Excerpted records START
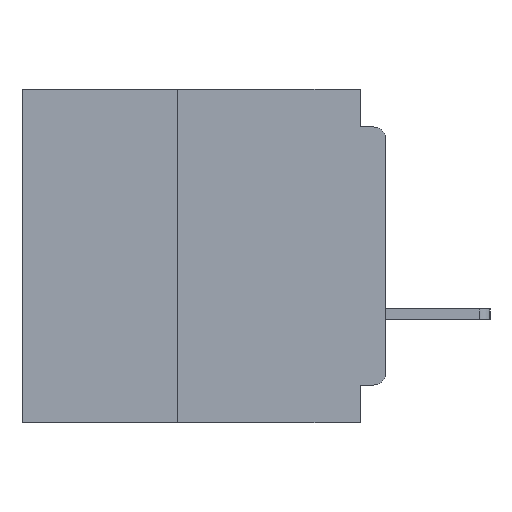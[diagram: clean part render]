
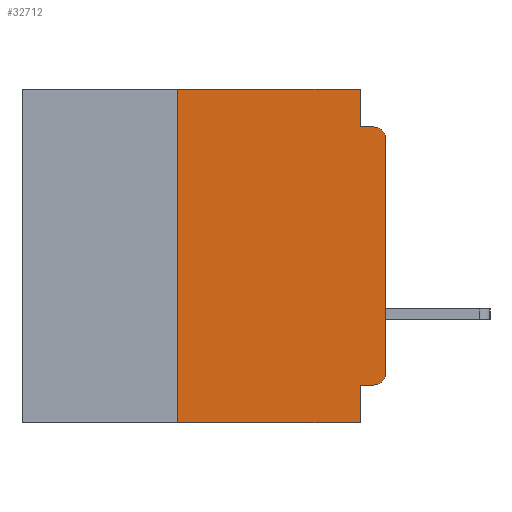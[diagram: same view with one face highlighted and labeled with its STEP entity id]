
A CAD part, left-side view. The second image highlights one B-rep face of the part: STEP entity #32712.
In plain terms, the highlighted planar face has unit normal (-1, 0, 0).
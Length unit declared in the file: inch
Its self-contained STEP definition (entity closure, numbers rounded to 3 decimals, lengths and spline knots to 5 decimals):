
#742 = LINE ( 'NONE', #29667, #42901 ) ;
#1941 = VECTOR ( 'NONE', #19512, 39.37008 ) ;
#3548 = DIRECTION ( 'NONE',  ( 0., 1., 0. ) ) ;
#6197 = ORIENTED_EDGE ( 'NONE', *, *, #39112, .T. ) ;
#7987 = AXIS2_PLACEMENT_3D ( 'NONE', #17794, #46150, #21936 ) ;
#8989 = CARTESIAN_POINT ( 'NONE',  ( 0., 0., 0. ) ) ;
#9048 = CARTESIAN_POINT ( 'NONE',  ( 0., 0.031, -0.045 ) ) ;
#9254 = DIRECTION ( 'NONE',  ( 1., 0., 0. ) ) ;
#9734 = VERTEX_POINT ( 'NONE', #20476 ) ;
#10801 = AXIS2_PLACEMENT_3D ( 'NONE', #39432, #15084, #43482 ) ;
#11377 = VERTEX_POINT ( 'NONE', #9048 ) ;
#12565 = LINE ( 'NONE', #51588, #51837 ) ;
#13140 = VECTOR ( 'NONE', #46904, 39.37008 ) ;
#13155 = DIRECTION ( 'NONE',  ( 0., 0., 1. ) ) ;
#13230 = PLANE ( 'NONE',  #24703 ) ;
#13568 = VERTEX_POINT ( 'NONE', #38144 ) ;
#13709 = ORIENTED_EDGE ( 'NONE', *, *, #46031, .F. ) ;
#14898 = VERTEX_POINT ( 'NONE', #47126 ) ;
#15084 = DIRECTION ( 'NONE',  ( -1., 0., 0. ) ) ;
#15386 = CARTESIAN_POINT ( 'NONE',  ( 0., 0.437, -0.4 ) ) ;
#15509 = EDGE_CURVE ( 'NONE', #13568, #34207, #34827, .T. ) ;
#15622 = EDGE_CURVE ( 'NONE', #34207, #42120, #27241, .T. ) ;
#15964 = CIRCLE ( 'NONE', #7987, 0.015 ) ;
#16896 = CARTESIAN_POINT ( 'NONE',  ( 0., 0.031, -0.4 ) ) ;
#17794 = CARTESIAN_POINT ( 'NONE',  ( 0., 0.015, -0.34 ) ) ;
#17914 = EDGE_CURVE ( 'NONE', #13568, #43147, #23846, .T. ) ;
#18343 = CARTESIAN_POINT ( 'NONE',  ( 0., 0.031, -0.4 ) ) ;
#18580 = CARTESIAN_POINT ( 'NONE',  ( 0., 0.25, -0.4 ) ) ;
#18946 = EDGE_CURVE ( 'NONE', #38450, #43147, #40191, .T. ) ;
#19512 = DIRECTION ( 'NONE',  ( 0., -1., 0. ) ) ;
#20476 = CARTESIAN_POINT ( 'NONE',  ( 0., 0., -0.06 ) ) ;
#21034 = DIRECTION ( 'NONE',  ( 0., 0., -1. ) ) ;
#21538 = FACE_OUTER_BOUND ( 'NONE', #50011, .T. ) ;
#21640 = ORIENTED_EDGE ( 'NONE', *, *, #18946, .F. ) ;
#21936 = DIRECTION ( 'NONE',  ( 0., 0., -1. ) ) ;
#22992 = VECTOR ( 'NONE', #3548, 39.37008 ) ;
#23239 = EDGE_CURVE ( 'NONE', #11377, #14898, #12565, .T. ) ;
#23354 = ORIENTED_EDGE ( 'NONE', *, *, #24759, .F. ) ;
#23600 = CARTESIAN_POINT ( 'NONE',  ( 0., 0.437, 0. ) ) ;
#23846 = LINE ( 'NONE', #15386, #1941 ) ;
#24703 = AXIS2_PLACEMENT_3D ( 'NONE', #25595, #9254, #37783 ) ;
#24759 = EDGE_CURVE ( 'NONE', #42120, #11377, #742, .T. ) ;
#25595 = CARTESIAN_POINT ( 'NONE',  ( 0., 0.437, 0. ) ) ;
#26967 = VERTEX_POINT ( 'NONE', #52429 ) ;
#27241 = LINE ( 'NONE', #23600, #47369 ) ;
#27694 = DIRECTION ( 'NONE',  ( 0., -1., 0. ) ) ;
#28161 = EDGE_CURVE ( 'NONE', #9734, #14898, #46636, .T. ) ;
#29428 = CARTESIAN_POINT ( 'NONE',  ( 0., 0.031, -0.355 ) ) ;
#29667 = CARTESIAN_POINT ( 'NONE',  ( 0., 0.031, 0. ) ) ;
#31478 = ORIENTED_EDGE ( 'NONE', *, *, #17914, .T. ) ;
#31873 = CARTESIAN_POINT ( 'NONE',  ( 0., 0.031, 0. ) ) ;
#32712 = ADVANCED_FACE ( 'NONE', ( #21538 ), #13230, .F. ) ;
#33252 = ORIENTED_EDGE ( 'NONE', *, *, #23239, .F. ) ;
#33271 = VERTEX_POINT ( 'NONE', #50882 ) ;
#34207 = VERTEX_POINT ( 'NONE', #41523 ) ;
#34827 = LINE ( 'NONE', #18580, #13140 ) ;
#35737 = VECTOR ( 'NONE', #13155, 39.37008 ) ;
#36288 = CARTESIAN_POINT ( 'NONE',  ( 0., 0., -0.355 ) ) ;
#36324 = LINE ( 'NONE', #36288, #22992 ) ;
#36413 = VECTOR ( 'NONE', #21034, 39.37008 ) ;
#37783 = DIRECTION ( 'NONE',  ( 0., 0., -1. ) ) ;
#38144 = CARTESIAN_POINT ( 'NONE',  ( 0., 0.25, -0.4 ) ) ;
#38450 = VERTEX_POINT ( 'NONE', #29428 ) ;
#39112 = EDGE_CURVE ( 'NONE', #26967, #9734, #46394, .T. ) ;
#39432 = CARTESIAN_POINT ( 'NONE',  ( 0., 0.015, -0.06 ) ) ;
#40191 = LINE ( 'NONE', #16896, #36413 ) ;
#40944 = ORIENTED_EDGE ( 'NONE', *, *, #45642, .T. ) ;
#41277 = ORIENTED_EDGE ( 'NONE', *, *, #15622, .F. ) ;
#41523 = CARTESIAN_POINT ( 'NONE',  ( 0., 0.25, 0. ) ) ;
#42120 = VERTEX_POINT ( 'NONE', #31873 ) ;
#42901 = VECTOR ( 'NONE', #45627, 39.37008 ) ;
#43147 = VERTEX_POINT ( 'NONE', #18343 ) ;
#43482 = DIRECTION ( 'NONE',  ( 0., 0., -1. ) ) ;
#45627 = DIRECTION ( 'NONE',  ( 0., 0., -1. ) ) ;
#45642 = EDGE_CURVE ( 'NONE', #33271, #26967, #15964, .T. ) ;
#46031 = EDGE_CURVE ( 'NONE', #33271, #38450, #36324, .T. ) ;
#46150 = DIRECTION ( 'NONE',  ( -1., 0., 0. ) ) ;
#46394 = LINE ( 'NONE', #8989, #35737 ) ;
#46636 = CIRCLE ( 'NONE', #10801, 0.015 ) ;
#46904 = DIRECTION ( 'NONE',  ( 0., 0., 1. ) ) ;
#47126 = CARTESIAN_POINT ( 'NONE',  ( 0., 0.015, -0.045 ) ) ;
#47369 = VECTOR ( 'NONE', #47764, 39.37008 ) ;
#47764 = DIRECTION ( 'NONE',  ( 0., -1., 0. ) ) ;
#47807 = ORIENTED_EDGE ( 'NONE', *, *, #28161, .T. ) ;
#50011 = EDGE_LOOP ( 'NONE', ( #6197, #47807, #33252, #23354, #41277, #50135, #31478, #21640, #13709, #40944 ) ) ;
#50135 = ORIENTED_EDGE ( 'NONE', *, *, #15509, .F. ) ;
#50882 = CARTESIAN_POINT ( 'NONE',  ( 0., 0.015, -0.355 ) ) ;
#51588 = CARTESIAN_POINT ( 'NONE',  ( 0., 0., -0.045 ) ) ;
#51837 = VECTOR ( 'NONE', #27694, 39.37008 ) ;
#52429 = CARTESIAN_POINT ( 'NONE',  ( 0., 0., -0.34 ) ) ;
Excerpted records END
→ Instructions for the task
Search the listing for the word "VECTOR" and return each line that holds it.

→ Final answer
#1941 = VECTOR ( 'NONE', #19512, 39.37008 ) ;
#13140 = VECTOR ( 'NONE', #46904, 39.37008 ) ;
#22992 = VECTOR ( 'NONE', #3548, 39.37008 ) ;
#35737 = VECTOR ( 'NONE', #13155, 39.37008 ) ;
#36413 = VECTOR ( 'NONE', #21034, 39.37008 ) ;
#42901 = VECTOR ( 'NONE', #45627, 39.37008 ) ;
#47369 = VECTOR ( 'NONE', #47764, 39.37008 ) ;
#51837 = VECTOR ( 'NONE', #27694, 39.37008 ) ;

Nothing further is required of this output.